2. A winch system according to claim 1 wherein said control means comprises:

a potentiometer having a manually movable slider, said potentiometer providing through said slider a reference signal, the polarity of which is indicative of the commanded direction of rotation, and the magnitude of which is indicative of the commanded speed;

amplifier means for energizing said main electrically actuated clutch in response to said reference signal having a first polarity with respect to the signal generated by said sensor and for energizing said auxiliary electrically actuated clutch in response to said reference signal having an opposite polarity with respect to the signal generated by said sensor the degree of energization of said main and said auxiliary clutches being a function of magnitude of the difference between said reference signal and the magnitude of the signal generated by said sensor.

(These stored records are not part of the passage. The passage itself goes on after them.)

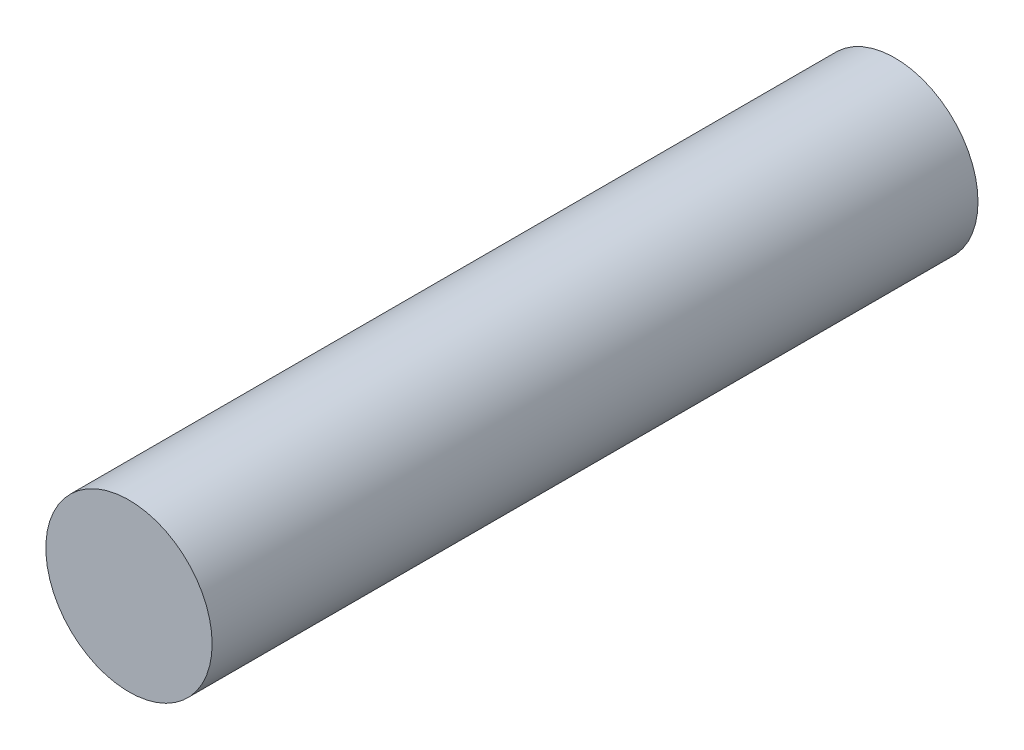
from build123d import *

# Parameters (mm, degrees)
SKETCH1_R           = 38
BOSS_EXTRUDE1_DEPTH = 175


with BuildPart() as part:
    # Sketch1 → Boss-Extrude1 (new, symmetric)
    with BuildSketch(Plane.XY):
        Circle(SKETCH1_R)
    extrude(amount=BOSS_EXTRUDE1_DEPTH, both=True)


solid = part.part
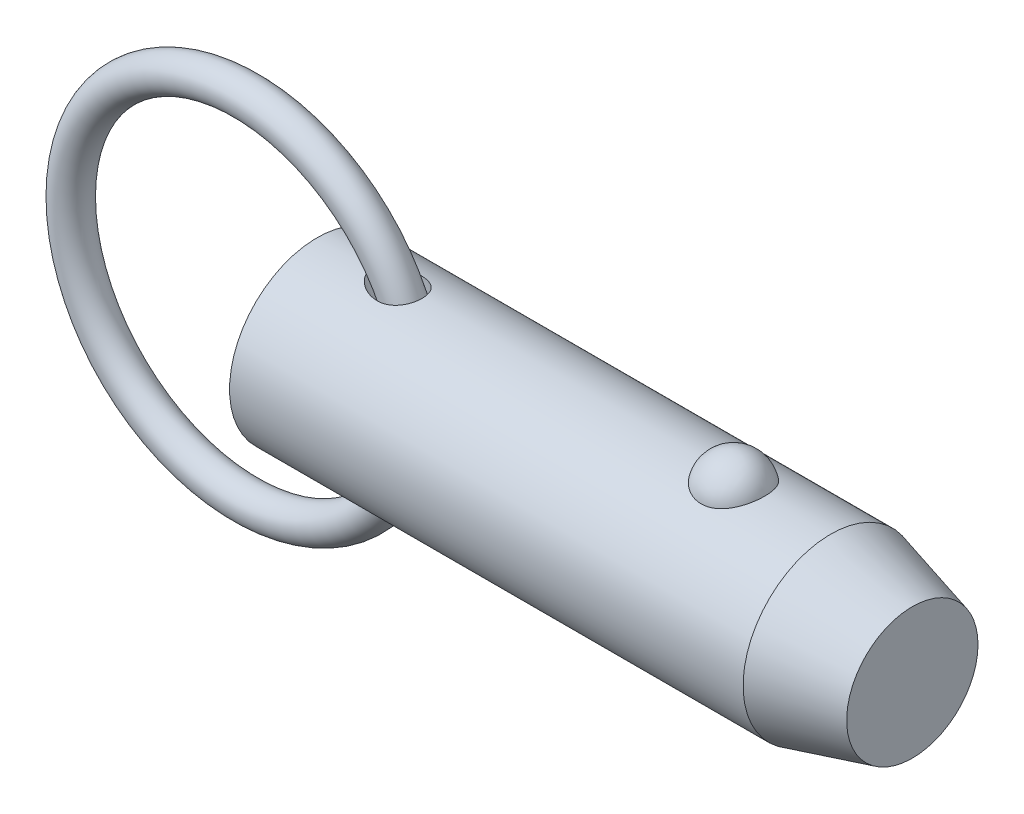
ISO-10303-21;
HEADER;
FILE_DESCRIPTION(('STEP AP214'),'2;1');
FILE_NAME('part.step','',(''),(''),'','','');
FILE_SCHEMA(('AUTOMOTIVE_DESIGN { 1 0 10303 214 1 1 1 1 }'));
ENDSEC;
DATA;
#1=APPLICATION_CONTEXT('core data for automotive mechanical design processes');
#2=APPLICATION_PROTOCOL_DEFINITION('international standard','automotive_design',2000,#1);
#3=PRODUCT_CONTEXT('',#1,'mechanical');
#4=PRODUCT('Part','Part','',(#3));
#5=PRODUCT_RELATED_PRODUCT_CATEGORY('part','',(#4));
#6=PRODUCT_DEFINITION_FORMATION('','',#4);
#7=PRODUCT_DEFINITION_CONTEXT('part definition',#1,'design');
#8=PRODUCT_DEFINITION('design','',#6,#7);
#9=PRODUCT_DEFINITION_SHAPE('','',#8);
#10=(LENGTH_UNIT() NAMED_UNIT(*) SI_UNIT(.MILLI.,.METRE.));
#11=(NAMED_UNIT(*) PLANE_ANGLE_UNIT() SI_UNIT($,.RADIAN.));
#12=(NAMED_UNIT(*) SI_UNIT($,.STERADIAN.) SOLID_ANGLE_UNIT());
#13=UNCERTAINTY_MEASURE_WITH_UNIT(LENGTH_MEASURE(1.E-05),#10,'distance_accuracy_value','');
#14=(GEOMETRIC_REPRESENTATION_CONTEXT(3) GLOBAL_UNCERTAINTY_ASSIGNED_CONTEXT((#13)) GLOBAL_UNIT_ASSIGNED_CONTEXT((#10,
#11,#12)) REPRESENTATION_CONTEXT('',''));
#15=CARTESIAN_POINT('',(0.,0.,0.));
#16=DIRECTION('',(0.,0.,1.));
#17=DIRECTION('',(1.,0.,0.));
#18=AXIS2_PLACEMENT_3D('',#15,#16,#17);
#19=CARTESIAN_POINT('',(-6.46799987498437,0.,0.));
#20=DIRECTION('',(0.,0.,1.));
#21=DIRECTION('',(1.,0.,0.));
#22=AXIS2_PLACEMENT_3D('',#19,#20,#21);
#23=TOROIDAL_SURFACE('',#22,15.875,1.588);
#24=CARTESIAN_POINT('',(10.9950001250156,0.,0.));
#25=VERTEX_POINT('',#24);
#26=VERTEX_LOOP('',#25);
#27=FACE_BOUND('',#26,.T.);
#28=ADVANCED_FACE('P0_F12',(#27),#23,.T.);
#29=CLOSED_SHELL('',(#28));
#30=MANIFOLD_SOLID_BREP('P0_B1',#29);
#31=CARTESIAN_POINT('',(0.,0.,0.));
#32=DIRECTION('',(1.,0.,0.));
#33=DIRECTION('',(0.,0.,-1.));
#34=AXIS2_PLACEMENT_3D('',#31,#32,#33);
#35=CYLINDRICAL_SURFACE('',#34,7.94);
#36=CARTESIAN_POINT('',(4.99454278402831,7.92831028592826,-0.430692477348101));
#37=CARTESIAN_POINT('',(5.02621962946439,7.92271974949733,-0.533554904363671));
#38=CARTESIAN_POINT('',(5.06869972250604,7.91528872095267,-0.633052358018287));
#39=CARTESIAN_POINT('',(5.17094751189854,7.89785690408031,-0.822566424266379));
#40=CARTESIAN_POINT('',(5.23077290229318,7.88784755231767,-0.912550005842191));
#41=CARTESIAN_POINT('',(5.37866013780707,7.8639674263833,-1.10117829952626));
#42=CARTESIAN_POINT('',(5.47004908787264,7.84973599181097,-1.19714712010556));
#43=CARTESIAN_POINT('',(5.66695490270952,7.82090787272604,-1.37293476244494));
#44=CARTESIAN_POINT('',(5.77247743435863,7.80631104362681,-1.45274707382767));
#45=CARTESIAN_POINT('',(5.99604254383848,7.77793596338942,-1.59776875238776));
#46=CARTESIAN_POINT('',(6.11428384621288,7.76417836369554,-1.66267404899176));
#47=CARTESIAN_POINT('',(6.35882685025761,7.73912410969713,-1.77564129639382));
#48=CARTESIAN_POINT('',(6.48513256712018,7.72782869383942,-1.82369477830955));
#49=CARTESIAN_POINT('',(6.76898453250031,7.70705630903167,-1.90977520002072));
#50=CARTESIAN_POINT('',(6.92778004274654,7.69837706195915,-1.94395681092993));
#51=CARTESIAN_POINT('',(7.24915504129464,7.6881294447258,-1.98412381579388));
#52=CARTESIAN_POINT('',(7.41173039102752,7.68655363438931,-1.99013871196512));
#53=CARTESIAN_POINT('',(7.697714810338,7.69094561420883,-1.97306069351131));
#54=CARTESIAN_POINT('',(7.82153338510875,7.69526202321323,-1.95634328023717));
#55=CARTESIAN_POINT('',(8.06460511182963,7.70859273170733,-1.90314615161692));
#56=CARTESIAN_POINT('',(8.18386164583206,7.7176034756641,-1.86668139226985));
#57=CARTESIAN_POINT('',(8.41450663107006,7.73959050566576,-1.77331230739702));
#58=CARTESIAN_POINT('',(8.52585042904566,7.75258738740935,-1.71630154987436));
#59=CARTESIAN_POINT('',(8.73575290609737,7.7809705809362,-1.58263416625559));
#60=CARTESIAN_POINT('',(8.8343144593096,7.7963563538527,-1.50598196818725));
#61=CARTESIAN_POINT('',(9.00639839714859,7.8259635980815,-1.34315626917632));
#62=CARTESIAN_POINT('',(9.08139772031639,7.84016008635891,-1.25853389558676));
#63=CARTESIAN_POINT('',(9.21545590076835,7.86710959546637,-1.07729126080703));
#64=CARTESIAN_POINT('',(9.27451869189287,7.87986297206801,-0.980673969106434));
#65=CARTESIAN_POINT('',(9.37315031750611,7.90198817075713,-0.782161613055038));
#66=CARTESIAN_POINT('',(9.41336512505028,7.91146854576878,-0.68059867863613));
#67=CARTESIAN_POINT('',(9.47650914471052,7.92664976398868,-0.471967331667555));
#68=CARTESIAN_POINT('',(9.49943917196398,7.93235078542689,-0.364899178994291));
#69=CARTESIAN_POINT('',(9.52744661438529,7.93934369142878,-0.14863226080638));
#70=CARTESIAN_POINT('',(9.53257574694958,7.9406483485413,-0.0394405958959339));
#71=CARTESIAN_POINT('',(9.52501411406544,7.93874464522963,0.178286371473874));
#72=CARTESIAN_POINT('',(9.51232314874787,7.93553623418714,0.286821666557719));
#73=CARTESIAN_POINT('',(9.46937875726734,7.92494527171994,0.500278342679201));
#74=CARTESIAN_POINT('',(9.43910562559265,7.9175580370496,0.605195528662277));
#75=CARTESIAN_POINT('',(9.36168926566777,7.8994090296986,0.808294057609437));
#76=CARTESIAN_POINT('',(9.31454677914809,7.88864740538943,0.906475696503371));
#77=CARTESIAN_POINT('',(9.20464679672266,7.86494645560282,1.09319438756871));
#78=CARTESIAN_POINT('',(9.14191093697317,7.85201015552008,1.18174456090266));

3. A winch system according to claim 2 wherein said first polarity is a negative electrical potential when it is desired to rotate the drum in a direction to lift a load and wherein said opposite polarity is a positive electrical potential when it is desired to rotate the drum in a direction to lower a load.

4. A winch system according to claim 2 wherein said amplifier means comprises:

a differential amplifier receiving said reference signal at a first input and the signal generated by said sensor at a second input said differential amplifier generating an output signal having a polarity opposite the polarity difference between the signal generated by said sensor and said reference signal and magnitude proportional to the difference in the magnitude of the reference signal and the signal generated by the sensor;

first amplifier means for generating an output current energizing said main clutch in response to signals of the first polarity inverted at the output of said differential amplifier; and

second amplifier means for generating an output current energizing said auxiliary clutch in response to signals of the opposite polarity inverted at the output of said differential amplifier.

5. A winch system according to claim 4 wherein said first amplifier means includes a first diode, passing the inverted signals of the first polarity and blocking the inverted signals of the opposite polarity, and said second amplifier includes a second diode blocking the inverted signals of the first polarity and passing the inverted signals of the opposite polarity.

6. A winch system according to claim 1 wherein said second transmission system is operative to rotate the drum in the reverse direction at twice the speed of said first transmission system.

7. A winch system of claim 1 wherein said first and second transmission systems are a main and auxiliary gear train respectively and wherein said sensor is a tachometer dynamo driven by said auxiliary gear train.

8. A winch system of claim 7 wherein said auxiliary gear train includes a universal jointed member connecting said auxiliary gear train to said main gear train.

9. A winch system according to claim 1 further including a limit switch actuated at the end of the lifting phase, said limit switch cutting and energizing said auxiliary clutch to apply a reverse torque to the drum opposing the inertia of the components of the system in the lifting direction.

10. A winch system according to claim 1 wherein said main and auxiliary clutches are eddy current clutches.